West Broad Village – Henrico Co. and Unicorp come to an agreement

Well it looks like Unicorp, the developer of West Broad Village, has reached an agreement with Henrico County on how their tap fees are to be calculated.  Under the agreement, Unicorp will pay Henrico County $983,000 for the three connections that are already in place.  They will then take the balance of the payment due (+/- $2.517 million) and amortize it out over 36 years at an interest rate of Prime + 1%.  Seems like this might be a win-win for everyone.  Henrico County gets the tap fees that they are rightfully due and Unicorp gets to spread out their payments.

West Broad Village hits another snag

West Broad Village, the west ends new mixed use project has hit another snag.  This time it is over a misunderstanding in how much the water and sewer tap fees will be.  An article, which appeared in the Henrico Citizen outlined the saga between Unicorp, the developer, and the Henrico County Board of Supervisors.  According to the article, Unicorp’s position is that the mixed-use buildings should fall under the County’s “other buildings” classification for fee calculations.  The County, however, looked at each individual use within each building to calculate the fees.  While the difference may seem semantic, the resulting fee difference is not.

Unicorp calculated their total obligation to be $589,000.  The County calculates that same obligation to be $3,500,000.  The difference is huge and Unicorp claims it is enough to shut the project down.  They just don’t have the money in their budget to pay the higher fees.  While the discrepancy is making news now, Henrico County officials notified Unicorp and their engineer, Timmons Group, about the fee via three letters between March 26 and July 3, 2007.  Unicorp claims that they never received the notification because Timmons never notified them and the letters that the County sent to Unicorp were addressed to a marketing person, not a project manager.  

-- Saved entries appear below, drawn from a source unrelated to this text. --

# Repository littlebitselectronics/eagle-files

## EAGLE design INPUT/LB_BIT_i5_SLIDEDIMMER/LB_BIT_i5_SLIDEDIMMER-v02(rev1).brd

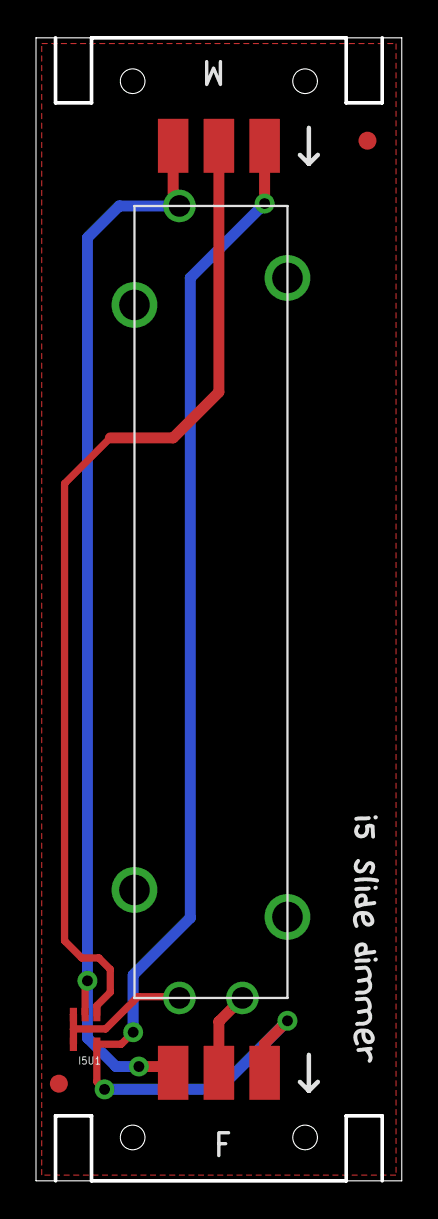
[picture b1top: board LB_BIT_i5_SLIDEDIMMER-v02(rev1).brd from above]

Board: 2 copper layers, 20.3 x 63.5 mm, 23 parts (0 on the bottom side), 5 nets.

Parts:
I5BSF: BITSNAP_FEMALE
I5BSM: BITSNAP_MALE
I5FD1, I5FD2: FIDUCIAL1X2; FIDUCIAL-1X2
I5R1: POT-SLIDE-30MM
I5U1: LV321; SC70
U$1, U$9, U$13: I
U$2: 5
U$3: S
U$4: L
U$5: OSHW-LOGOL; OSHW-LOGO-L
U$7: OSHW_FILLX150_NOTEXT
U$8: LB_V02
U$10, U$12: D
U$11, U$16: E
U$14, U$15: M
U$17: R
U$18: LB_CREDITS_V2

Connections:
GND: I5BSF.GND, I5BSM.GND, I5R1.3, I5U1.2
unnamed: I5R1.1, I5U1.3, I5U1.4
unnamed: I5BSM.SIG, I5U1.1
POT: I5BSF.SIG, I5R1.2
VCC: I5BSF.VCC, I5BSM.VCC, I5U1.5

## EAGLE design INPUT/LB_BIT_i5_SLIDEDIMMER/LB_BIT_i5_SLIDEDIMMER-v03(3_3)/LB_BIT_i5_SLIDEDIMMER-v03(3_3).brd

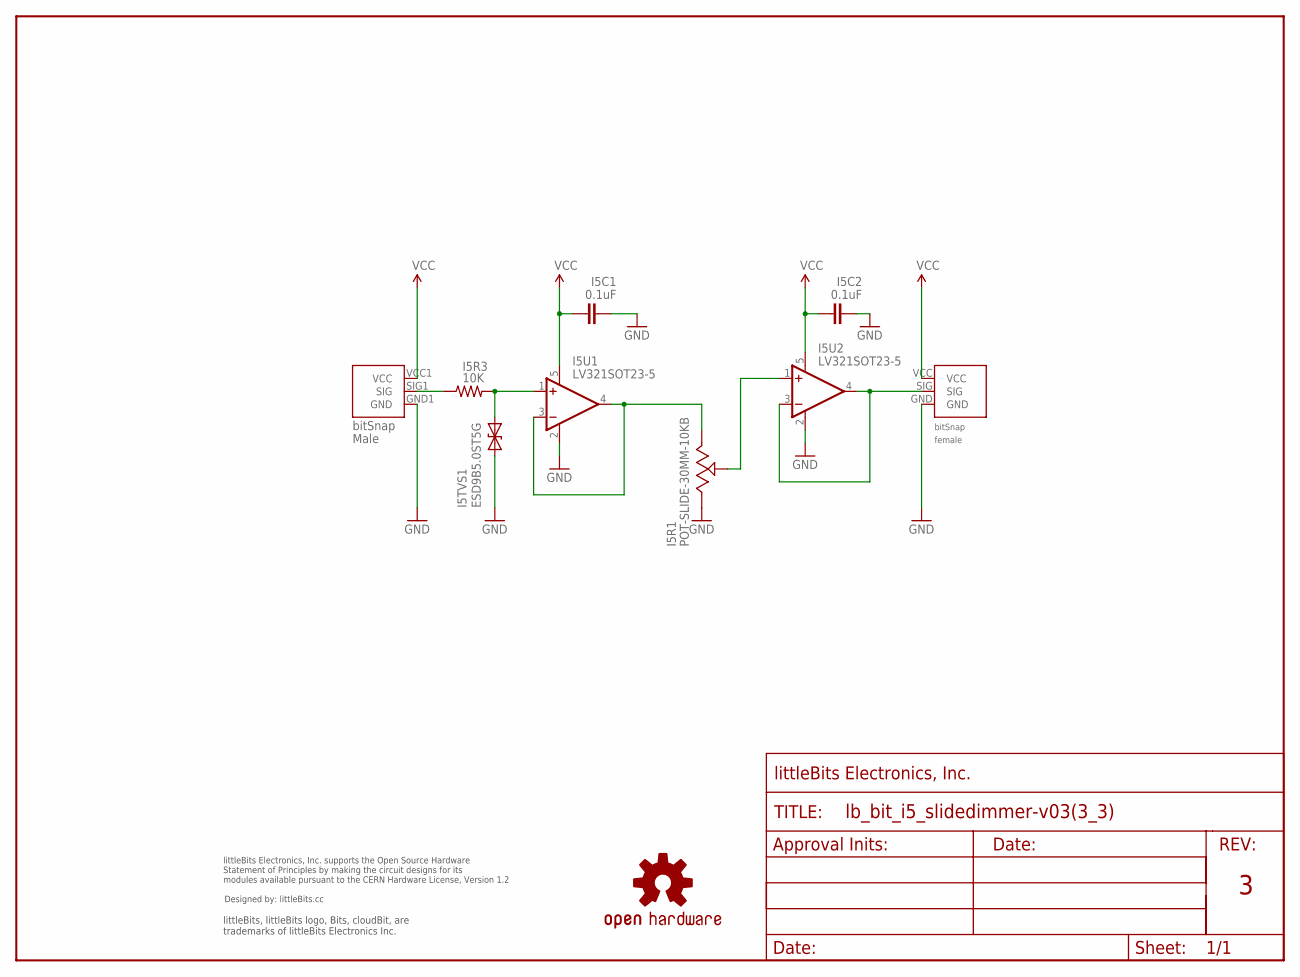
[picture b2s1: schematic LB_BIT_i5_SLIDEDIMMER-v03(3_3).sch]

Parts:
FRAME2: FRAME-LETTER-OHWOHW; FABDWG01-OHW
I5BSF1: BITSNAP_V03_FEMALE
I5BSM1: BITSNAP_V03_MALE
I5C1, I5C2: 0.1uF; CAP-0603
I5R1: POT-SLIDE-30MM-10KB; POT-SLIDE-30MM
I5R3: 10K; RES-0603
I5TVS1: ESD9B5.0ST5G; SOD-923
I5U1, I5U2: LV321SOT23-5; SOT23-5
U$1: OSHWCREDIT
U$5: OSHW-LOGOL; OSHW-LOGO-L

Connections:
GND: I5BSF1.GND, I5BSM1.GND1 (GND), I5C1.2, I5C2.2, I5R1.3, I5TVS1.1 (A), I5U1.2 (V-), I5U2.2 (V-)
unnamed: I5R1.1, I5U1.3 (-IN), I5U1.4 (OUT)
unnamed: I5BSM1.SIG1 (SIG), I5R3.1
unnamed: I5R3.2, I5TVS1.2 (C), I5U1.1 (+IN)
unnamed: I5R1.2, I5U2.1 (+IN)
unnamed: I5BSF1.SIG, I5U2.3 (-IN), I5U2.4 (OUT)
VCC: I5BSF1.VCC, I5BSM1.VCC1 (VCC), I5C1.1, I5C2.1, I5U1.5 (V+), I5U2.5 (V+)

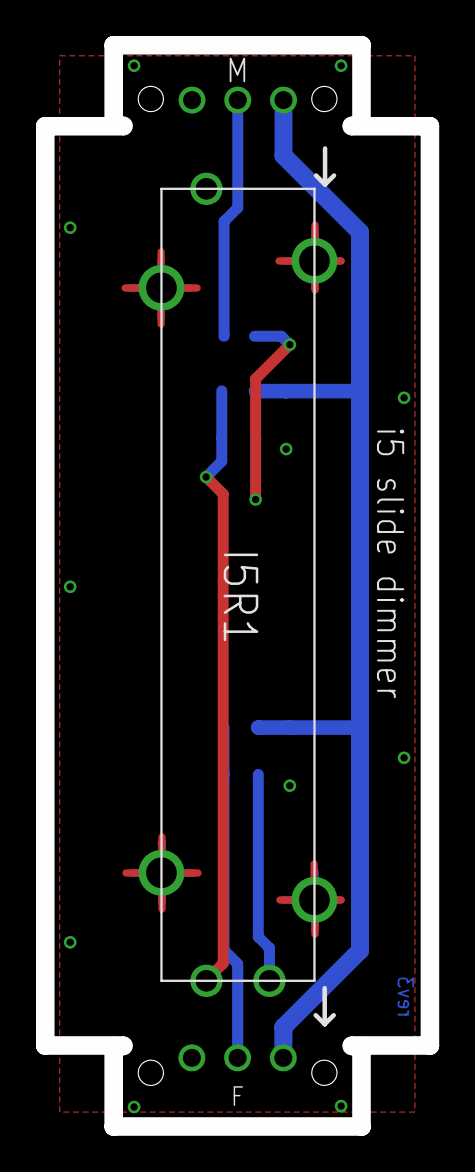
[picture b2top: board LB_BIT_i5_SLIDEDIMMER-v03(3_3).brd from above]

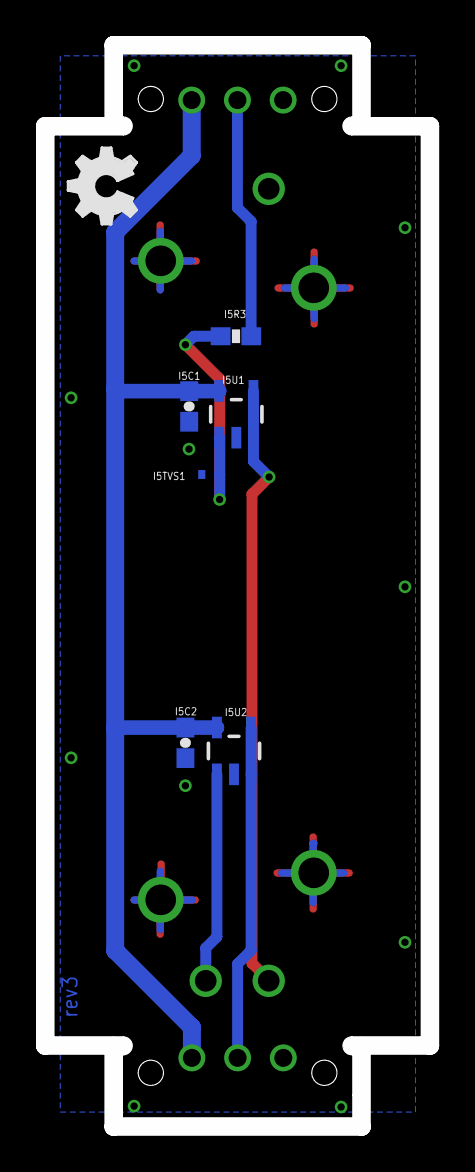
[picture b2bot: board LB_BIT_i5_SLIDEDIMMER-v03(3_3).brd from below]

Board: 2 copper layers, 21.4 x 60.1 mm, 13 parts (6 on the bottom side), 7 nets.

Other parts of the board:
U$7: OSHW_FILLX150_NOTEXT

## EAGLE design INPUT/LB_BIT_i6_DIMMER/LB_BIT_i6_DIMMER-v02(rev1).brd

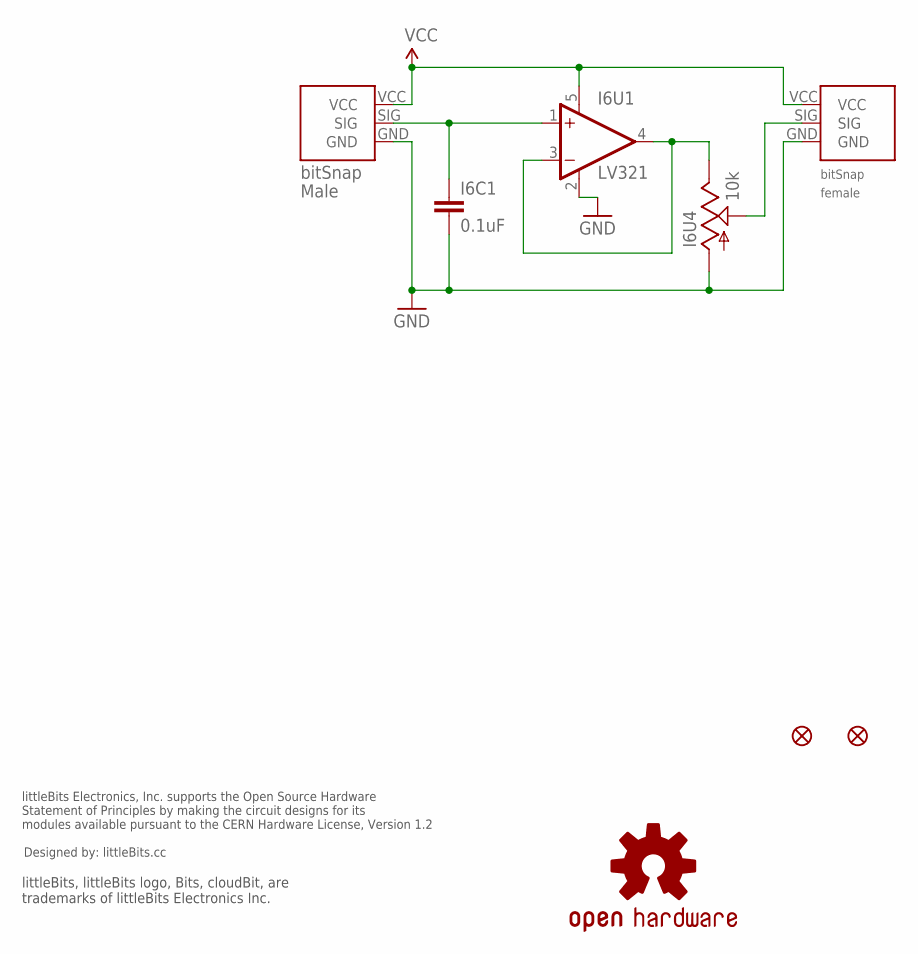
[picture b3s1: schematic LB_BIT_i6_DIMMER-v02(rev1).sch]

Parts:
I6BSF: BITSNAP_FEMALE
I6BSM: BITSNAP_MALE
I6C1: 0.1uF; 0603-CAP
I6U1: LV321; SC70-5
I6U4: 10k; ALPS_POT
JP1, JP2: FIDUCIAL1X2.5; FIDUCIAL-1X2.5
U$1: OSHWCREDIT
U$3: OSHW-LOGOL; OSHW-LOGO-L

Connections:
GND: I6BSF.GND, I6BSM.GND, I6C1.2, I6U1.2 (V-), I6U4.P$3 (A)
unnamed: I6U1.3 (-IN), I6U1.4 (OUT), I6U4.P$1 (E)
POT: I6BSF.SIG, I6U4.P$2 (S)
SIG: I6BSM.SIG, I6C1.1, I6U1.1 (+IN)
VCC: I6BSF.VCC, I6BSM.VCC, I6U1.5 (V+)

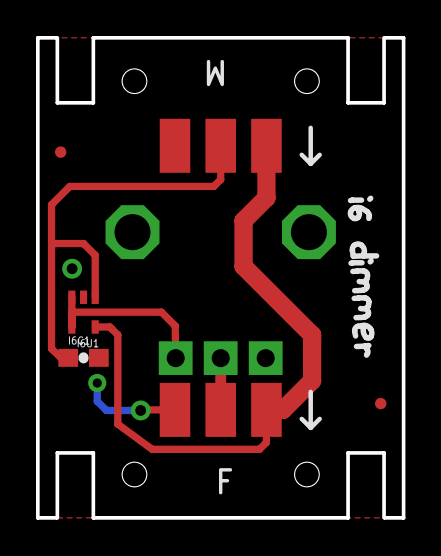
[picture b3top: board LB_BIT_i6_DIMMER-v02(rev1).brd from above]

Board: 2 copper layers, 20.3 x 26.7 mm, 9 parts (0 on the bottom side), 5 nets.

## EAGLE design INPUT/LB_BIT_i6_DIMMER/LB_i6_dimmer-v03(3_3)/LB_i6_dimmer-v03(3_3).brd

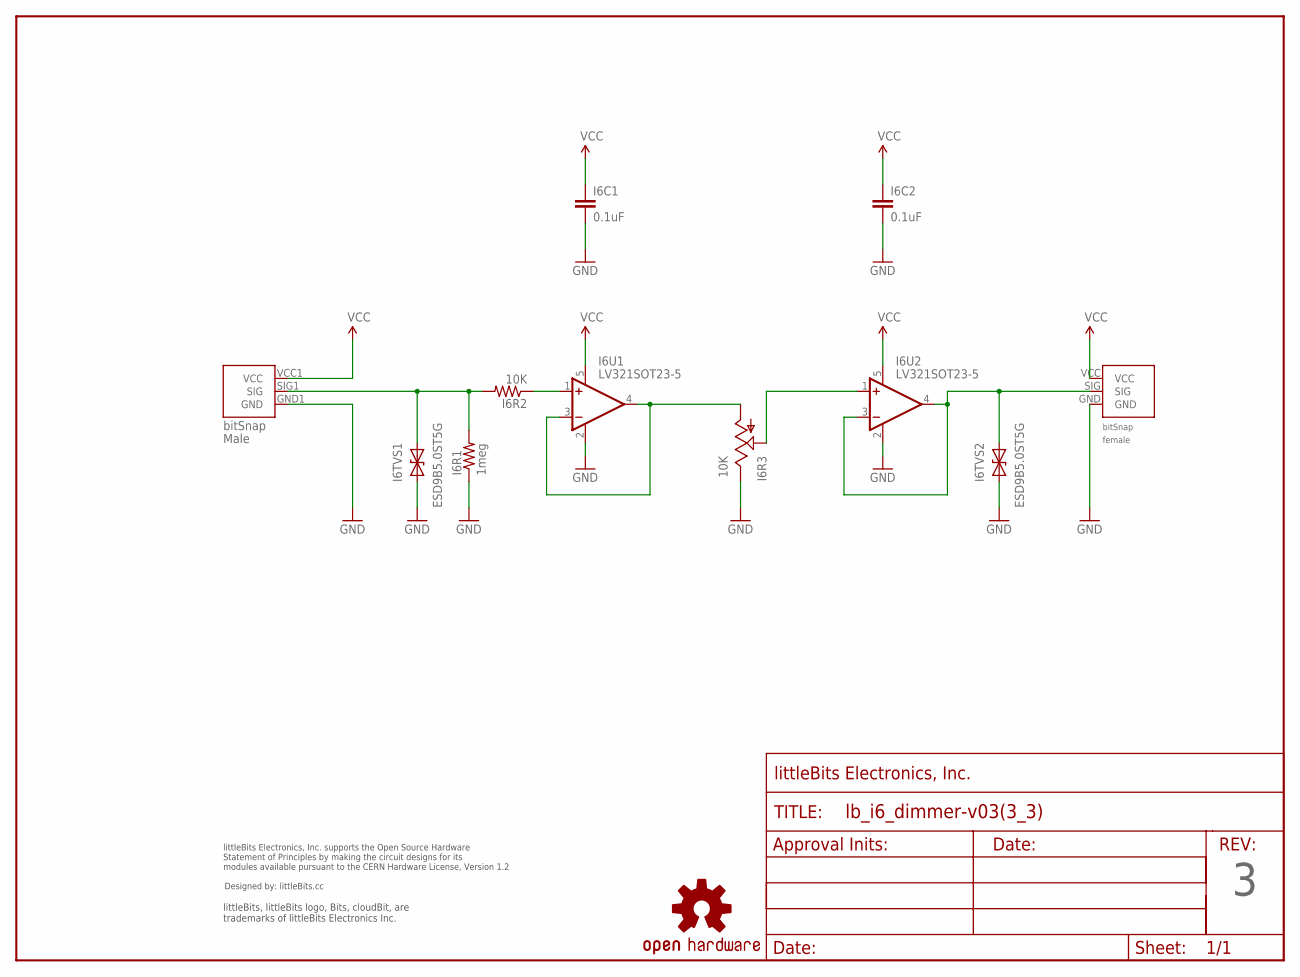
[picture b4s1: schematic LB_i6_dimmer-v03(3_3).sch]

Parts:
FRAME1: FRAME-LETTER-OHWOHW; FABDWG01-OHW
I6BSF1: BITSNAP_V03_FEMALE
I6BSM1: BITSNAP_V03_MALE
I6C1, I6C2: 0.1uF; CAP-0603
I6R1: 1meg; RES-0603
I6R2: 10K; RES-0603
I6R3: 10K; ALPS_POT
I6TVS1, I6TVS2: ESD9B5.0ST5G; SOD-923
I6U1, I6U2: LV321SOT23-5; SOT23-5
U$3: OSHW-LOGOL; OSHW-LOGO-L
U$4: LB_CREDITS; OSHWCREDIT

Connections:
GND: I6BSF1.GND, I6BSM1.GND1 (GND), I6C1.2, I6C2.2, I6R1.1, I6R3.P$1 (E), I6TVS1.1 (A), I6TVS2.1 (A), I6U1.2 (V-), I6U2.2 (V-)
unnamed: I6R3.P$3 (A), I6U1.3 (-IN), I6U1.4 (OUT)
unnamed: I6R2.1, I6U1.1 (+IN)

I suspect that Unicorp will have an uphill battle in getting the County to reduce the fees.  Henrico’s position is consistent with how other projects have been treated and they followed the proper protocol to notify the developer.  While I am sure it is a shock to Unicporp, county fees are a part of every development project and are one of those things you need to understand upfront and early.  It’s just one fo those “boxes” you have to check.

This latest issue surrounding West Broad Village just adds to the projects difficulties.  Obviously, the retail market (and the market in general) has completely gone out from under them, with retailers more likely to file for bankruptcy than sign a new leases.  In addition, late last year nine mechanics liens, totalling approximately $3.7 million were filed against the property for failure to pay contractors and brokers.  At the time, Unicorp cited difficulties in lining up their financing as the reason for the delays.  There has also been at least one failed acquisition of the property as Unicorp tried to unload its position in the property.  There are rumors that another group has the project under contract and is doing their due diligence.  It may have been through those due diligence efforts that the tap fee discrepancy was discovered.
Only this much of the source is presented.